> **Exercise brief**:
Within the listing below, please show every line carrying the string "before".
------------------------------------------------------------------------
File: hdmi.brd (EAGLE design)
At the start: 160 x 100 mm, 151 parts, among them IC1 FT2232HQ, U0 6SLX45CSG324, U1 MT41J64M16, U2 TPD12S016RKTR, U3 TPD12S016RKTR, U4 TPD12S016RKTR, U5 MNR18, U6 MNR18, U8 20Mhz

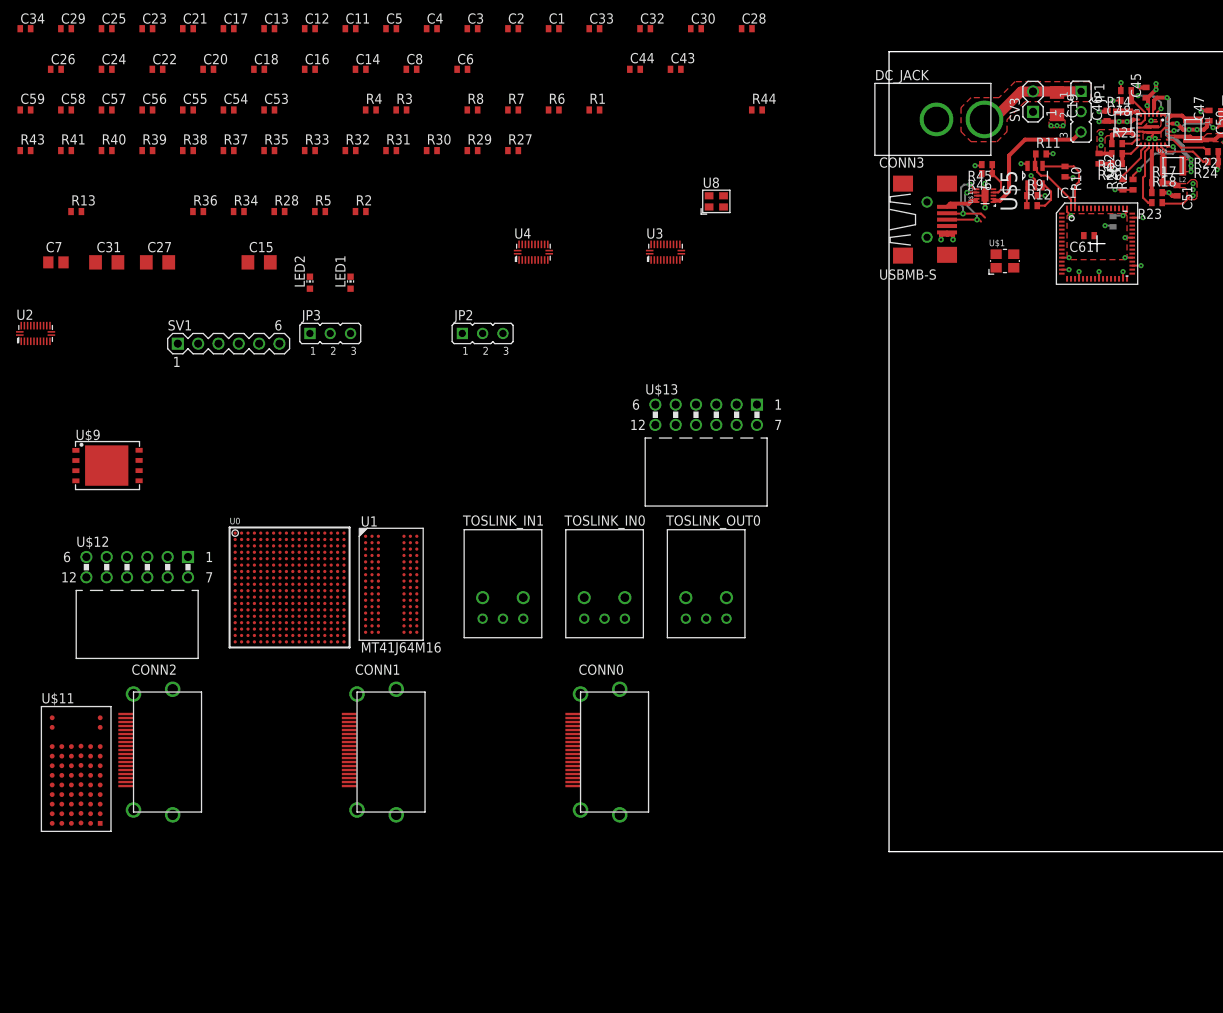
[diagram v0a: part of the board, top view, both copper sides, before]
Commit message: Rerouted USB, added more bypass capacitors at the FT2232H
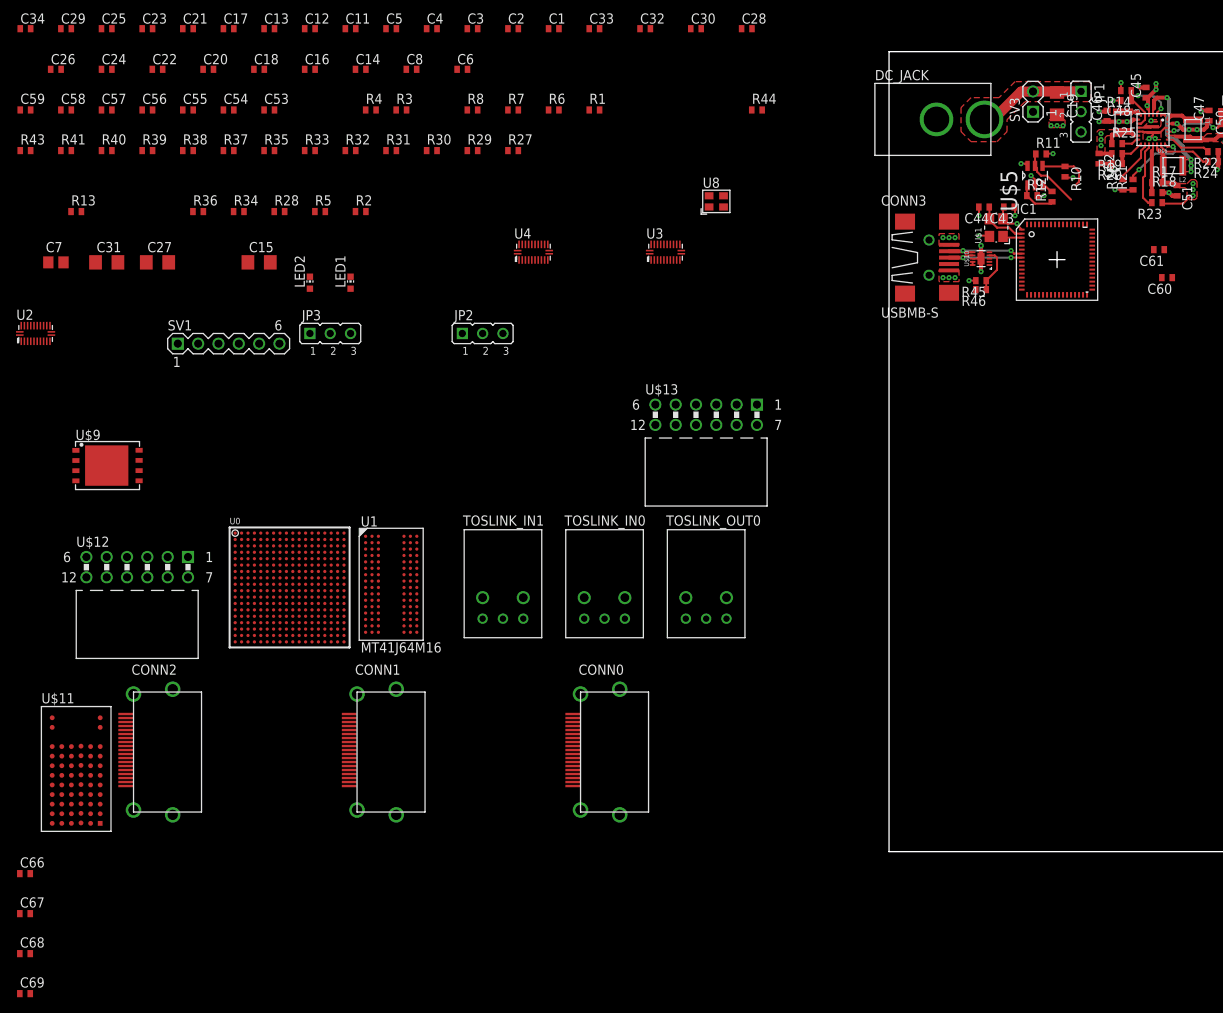
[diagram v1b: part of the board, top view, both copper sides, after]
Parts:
- added C66, C67, C68, C69: 0.1u, resistor:C0402
- C60: value 0.1u -> 4.7u
- moved C44 46.9 mm to (11.9, 80.6), turned to 180 degrees
- moved C43 45.1 mm to (15.0, 80.6), turned to 180 degrees
- moved R45 14.5 mm to (11.5, 71.4)
- moved R46 14.5 mm to (11.5, 70.2)
- moved C60 9.72 mm to (34.8, 71.8), flipped to the top, turned to 180 degrees
- moved C61 8.92 mm to (33.8, 75.2)
- moved U$10 7.89 mm to (11.5, 74.1)
- moved IC1 5.39 mm to (21.0, 74.0)
- moved CONN3 4.76 mm to (5.00, 74.2)
- moved U$1 4.35 mm to (13.4, 78.0), turned to 90 degrees
- moved R12 2.74 mm to (20.4, 81.9), turned to 90 degrees
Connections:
- net +1V8: now also C66.1, C67.1
- net +3V3: now also C68.1, C69.1
- net GND: now also C66.2, C67.2, C68.2, C69.2
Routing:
- net USB_VBUS: track 17.6 -> 0.00 mm
- net N$1: track 0.00 -> 6.39 mm
- net +1V8: track 5.31 -> 0.00 mm, vias 4 -> 0
- net N$45: track 4.51 -> 0.40 mm, vias 0 -> 3
- net N$5: track 0.00 -> 3.53 mm, vias 0 -> 1
- net N$10: track 4.42 -> 1.50 mm
- net +3V3: track 18.4 -> 15.5 mm, vias 12 -> 9
- net N$9: track 9.67 -> 6.82 mm
- net N$12: track 2.57 -> 5.03 mm
- net GND: track 36.7 -> 35.5 mm, vias 23 -> 22
- net N$6: track 9.15 -> 8.05 mm
- net USB_5V_ACK#: track 4.68 -> 5.62 mm
- net N$8: track 9.66 -> 10.4 mm
- added copper zone on layer 1, net N$45
- removed copper zone on layer 1, net +1V8

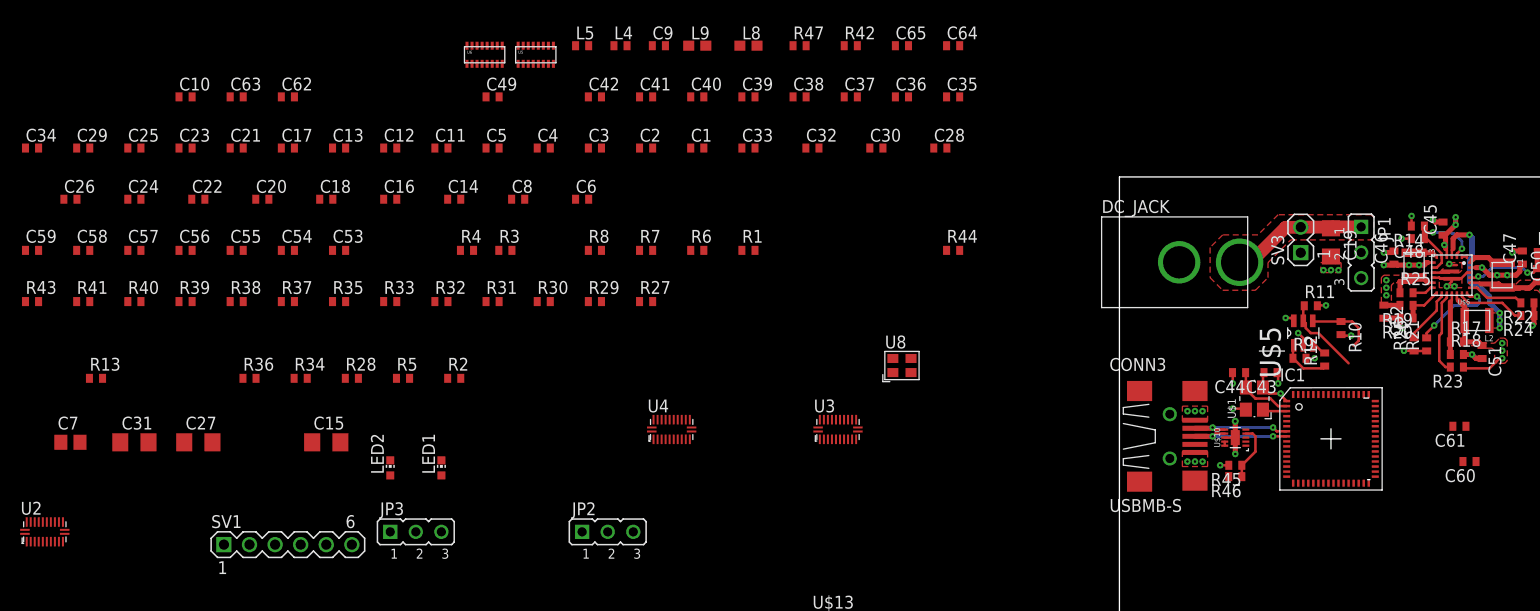
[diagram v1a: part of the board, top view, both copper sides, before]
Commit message: More USB related routing
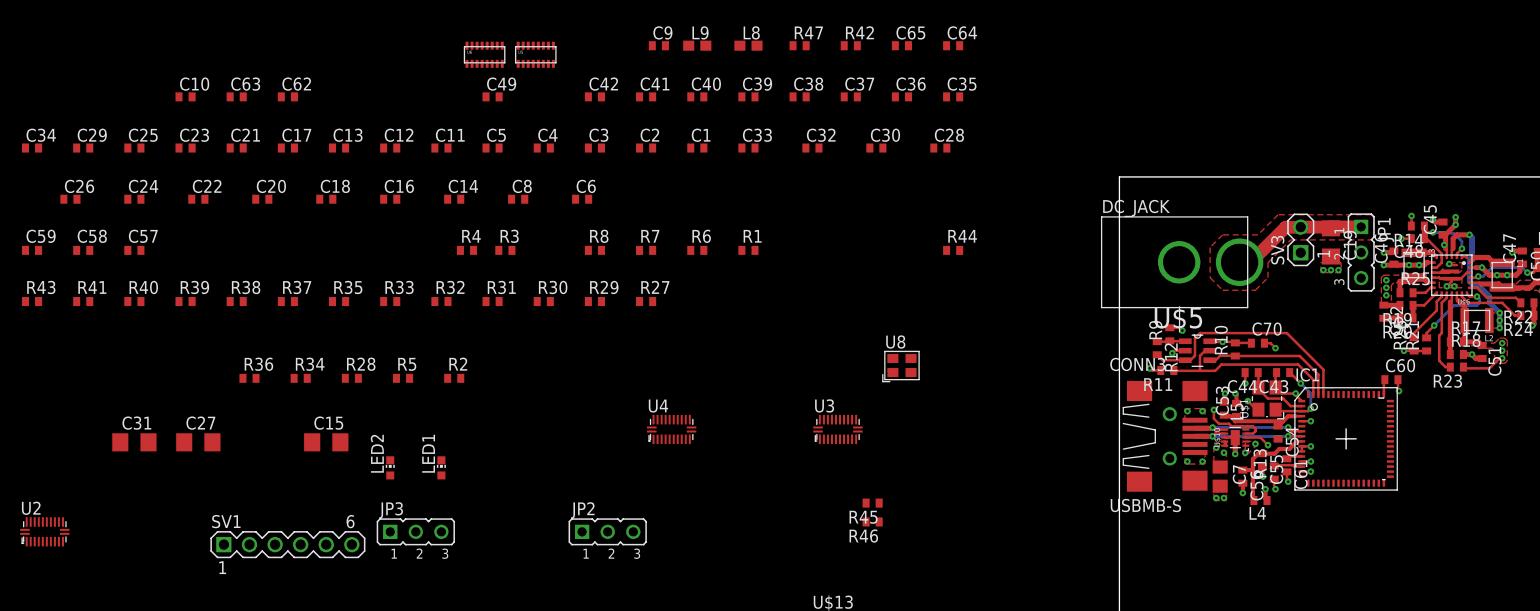
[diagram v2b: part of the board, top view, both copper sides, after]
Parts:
- added C70: 0.1u, resistor:C0402
- C53: value 0.1u -> 4.7u
- C54: value 4.7u -> 0.1u
- moved R13 117.3 mm to (15.4, 70.7), turned to 90 degrees
- moved C7 114.2 mm to (10.0, 70.2), turned to 270 degrees
- moved C56 107.3 mm to (12.2, 70.2), turned to 270 degrees
- moved C55 103.9 mm to (14.2, 71.9), turned to 270 degrees
- moved C54 99.9 mm to (15.8, 74.6), turned to 270 degrees
- moved C53 90.5 mm to (11.6, 76.9), turned to 90 degrees
- moved L4 77.9 mm to (14.0, 67.9), turned to 180 degrees
- moved L5 73.2 mm to (10.4, 77.0), turned to 270 degrees
- moved R46 36.3 mm to (-24.5, 65.8)
- moved R45 36.2 mm to (-24.5, 67.6)
- moved C61 17.6 mm to (16.6, 71.4), turned to 270 degrees
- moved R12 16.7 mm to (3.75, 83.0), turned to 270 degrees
------------------------------------------------------------------------
> **Finished exercise**:
[diagram v0a: part of the board, top view, both copper sides, before]
[diagram v1a: part of the board, top view, both copper sides, before]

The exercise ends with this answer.